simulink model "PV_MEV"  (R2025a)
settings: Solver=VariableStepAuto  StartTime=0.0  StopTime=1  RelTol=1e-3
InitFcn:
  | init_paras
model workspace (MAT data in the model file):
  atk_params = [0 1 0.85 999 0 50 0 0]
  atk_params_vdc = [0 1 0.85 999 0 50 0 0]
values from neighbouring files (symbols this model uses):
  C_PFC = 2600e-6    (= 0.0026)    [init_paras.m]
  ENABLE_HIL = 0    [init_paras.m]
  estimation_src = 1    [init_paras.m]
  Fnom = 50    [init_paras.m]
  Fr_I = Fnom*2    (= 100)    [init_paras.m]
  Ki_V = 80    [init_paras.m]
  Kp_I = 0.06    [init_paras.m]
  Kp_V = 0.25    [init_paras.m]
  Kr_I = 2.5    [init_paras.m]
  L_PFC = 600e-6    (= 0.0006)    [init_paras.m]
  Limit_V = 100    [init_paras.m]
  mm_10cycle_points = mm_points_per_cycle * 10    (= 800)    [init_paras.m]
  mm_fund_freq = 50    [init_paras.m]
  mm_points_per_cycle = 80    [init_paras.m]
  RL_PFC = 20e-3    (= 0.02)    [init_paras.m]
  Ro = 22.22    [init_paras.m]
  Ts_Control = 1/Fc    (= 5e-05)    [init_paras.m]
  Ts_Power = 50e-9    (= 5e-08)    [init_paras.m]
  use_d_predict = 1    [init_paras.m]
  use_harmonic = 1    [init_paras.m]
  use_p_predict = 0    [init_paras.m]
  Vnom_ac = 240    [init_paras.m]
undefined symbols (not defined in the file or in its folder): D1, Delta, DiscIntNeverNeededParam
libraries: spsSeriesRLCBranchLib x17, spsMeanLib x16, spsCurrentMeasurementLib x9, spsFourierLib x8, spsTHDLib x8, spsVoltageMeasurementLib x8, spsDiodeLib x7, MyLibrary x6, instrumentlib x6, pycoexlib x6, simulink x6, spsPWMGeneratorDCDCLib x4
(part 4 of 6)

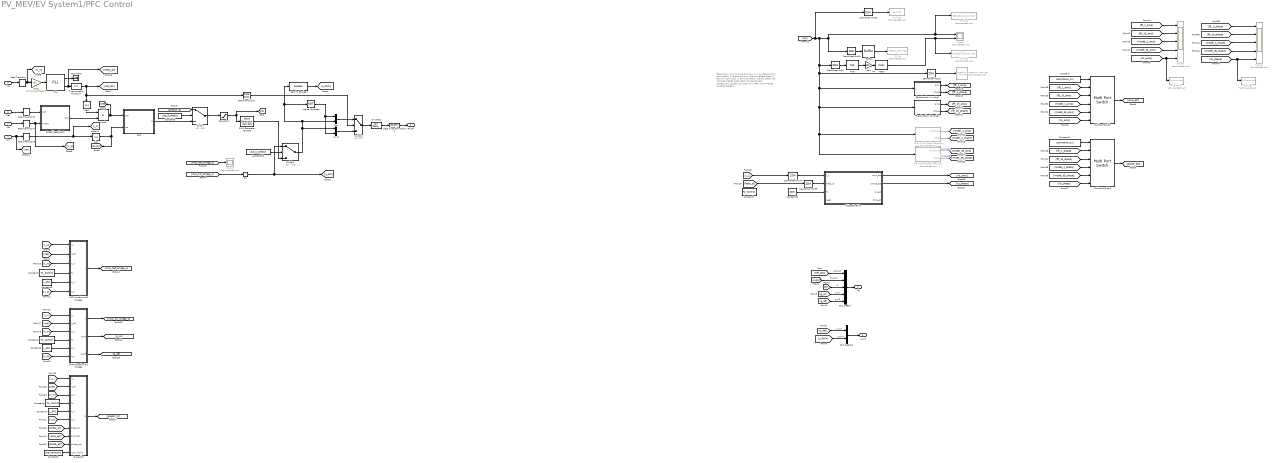
== system PV_MEV/EV System1/PFC Control ==
  note: Make sure
      | 1. onnxruntime and onnx in your base python enviroment.
      | 2. reload the onnx file and refresh them in the onnx call block.
      | or comment them like this
      | otherwise will lead matlab crash
      |
      | (bash)
      | conda activate matlab_onnx_py310
      | pip install onnx==1.14.0
      |
      | (matlab console)
      | target = "/home/changhong/anaconda3/envs/matlab_onnx_py310/bin/python";
      | pe = pyenv
      | pyenv("Version", target)
  Vref : Inport
  Vdc : Inport  Port=2
  Vac : Inport  Port=3
  Iac : Inport  Port=4
  AbsI : Abs  SaturateOnIntegerOverflow=off
  AbsV : Abs  SaturateOnIntegerOverflow=off
  Buffer : Buffer  N=80  V=79  OutputFrames=off
  Bus Creator : BusCreator  Inputs=5
  Bus Creator1 : BusCreator  Inputs=2
  Cast To Boolean : DataTypeConversion  OutDataTypeStr=boolean  SaturateOnIntegerOverflow=off  RndMeth=Floor
  Constant : Constant  Value=estimation_src
  Constant{1..2,4,6} (4 alike) : Constant  Value=Ts_Control
  Constant10 : Constant  Value=use_p_predict
  Constant11 : Constant  Value=estimation_src
  Constant12 : Constant  Value=4000
  Constant3 : Constant  Value=L_PFC
  Constant5 : Constant  Value=L_PFC
  Constant7 : Constant  Value=L_PFC
  Constant8 : Constant  Value=use_harmonic
  Constant9 : Constant  Value=use_d_predict
  D_predict : MATLAB Function  TreatAsAtomicUnit=on
  Data Type Conversion2 : DataTypeConversion  OutDataTypeStr=double  SaturateOnIntegerOverflow=off  RndMeth=Floor
  Gain : Gain  Gain=100
  Half Cycle Model Prediction : Subsystem  Commented=on
  Logical Operator : Logic  Operator=NOT  AllPortsSameDT=off  OutDataTypeStr=float('double')
  MCP Function Half bridge1 : MATLAB Function  TreatAsAtomicUnit=on
  Mean : spsMeanLib/Mean  Freq=50  Vinit=0  Ts=1/4000
  Multiport Switch : MultiPortSwitch  Inputs=5  SaturateOnIntegerOverflow=off  InputSameDT=off
  Multiport Switch1 : MultiPortSwitch  Inputs=5  SaturateOnIntegerOverflow=off  InputSameDT=off
  Mux : Mux  Inputs=2
  Mux2 : Mux  Inputs=2
  On Delay : spsOnDelayLib/On Delay  DelayType=On delay  delay=DT_PFC  ic=0  Ts=Ts_Power
  One  Cycle Model Prediction : Subsystem  Commented=on
  PLL : spsPLLLib/PLL  Fmin=0.9*Fnom  Par_Init=[0, Fnom]  ParK=[180, 3200, 1]  TcD=1e-4  MaxRateChangeFreq=12  FilterCutOffFreq=25  Ts=Ts_Control  AGC=on
  PR2 : Subsystem  mask(Current Regulator (Pr)){Kp=Kp_I, Kr=Kr_I, Fr=Fr_I}
      mask prompts: Kp "Proportional gain"; Kr "Resonant gain"; Fr "Resonant frequency (Hz)"
      mask help: This block implements a currentregulator using a PR controller.
      mask Display: disp('Current Regulator\n PR');
  PWM Generator (DC-DC) : spsPWMGeneratorDCDCLib/PWM Generator (DC-DC)  Fsw=Fsw  Ts=Ts_Power
  Prod1 : Product
  RLS_estimation : MATLAB Function  TreatAsAtomicUnit=on
  RT : RateTransition  OutPortSampleTime=5e-08
  Rate Transition{,3..5} (4 alike) : RateTransition  OutPortSampleTime=Ts_Control
  Rate Transition2 : RateTransition  OutPortSampleTime=Ts_Power
  Saturation : Saturate  UpperLimit=1  LowerLimit=0
  Scope : Scope  Commented=on  NumInputPorts=2
      settings: ActiveDisplayYMinimum=-211.219  ActiveDisplayYMaximum=223.7073  DataLoggingVariableName=ScopeData4  DataLoggingSaveFormat=Array
  Scope1 : Scope  Commented=on  NumInputPorts=5
      settings: ActiveDisplayYMinimum=-19.4864  ActiveDisplayYMaximum=175.3777  DataLoggingVariableName=ScopeData5  DataLoggingSaveFormat=Array
  Scope2 : Scope  Commented=on
      settings: DataLoggingVariableName=ScopeData9  DataLoggingSaveFormat=Array
  Scope3 : Scope  Commented=on  NumInputPorts=5
      settings: ActiveDisplayYMinimum=-3.927  ActiveDisplayYMaximum=3.927  DataLoggingVariableName=ScopeData6  DataLoggingSaveFormat=Array
  Spectrum Analyzer : SpectrumAnalyzer  Commented=on  WindowPosition=[-2559.000000,62.000000,1707.000000,996.000000,]  ScopeFrameLocation=window  SampleRateSource=Property  SampleRate=8000  PlotAsTwoSidedSpectrum=off  WindowInvariantSamplesPerUpdate=on  FrequencySpan=Start and stop frequencies  StartFrequency=0  StopFrequency=2000  YLimits=[-21.57310057,75.63654601]  ColorLimits=[-42.4528 59.157]
  Speed Regulator2 : Subsystem  DialogController=POWERSYS.PowerSysDialog  mask(Voltage Regulator){Kp=Kp_V, Ki=Ki_V, Limit_wreg=Limit_V, Init=0, Ts=Ts_Control}
      mask prompts: Kp "Proportional gain (Kp):"; Ki "Integral gain (Ki):"; Limit_wreg "Output limits"; Init "Output initial value:"; Ts "Sample time:"
      mask help: This block implements a voltage regulator using an ant-windup PI controller.
      mask Display: disp('Voltage\nRegulator');
  Switch : Switch  Criteria=u2 > Threshold  Threshold=0.5  SaturateOnIntegerOverflow=off  InputSameDT=off
  Switch1 : Switch  SaturateOnIntegerOverflow=off  InputSameDT=off
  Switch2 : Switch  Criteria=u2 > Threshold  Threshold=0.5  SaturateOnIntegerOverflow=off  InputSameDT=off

● Your task
Copy out each line of the records that holds the string "OutDataTypeStr".

● Expected output
  Cast To Boolean : DataTypeConversion  OutDataTypeStr=boolean  SaturateOnIntegerOverflow=off  RndMeth=Floor
  Data Type Conversion2 : DataTypeConversion  OutDataTypeStr=double  SaturateOnIntegerOverflow=off  RndMeth=Floor
  Logical Operator : Logic  Operator=NOT  AllPortsSameDT=off  OutDataTypeStr=float('double')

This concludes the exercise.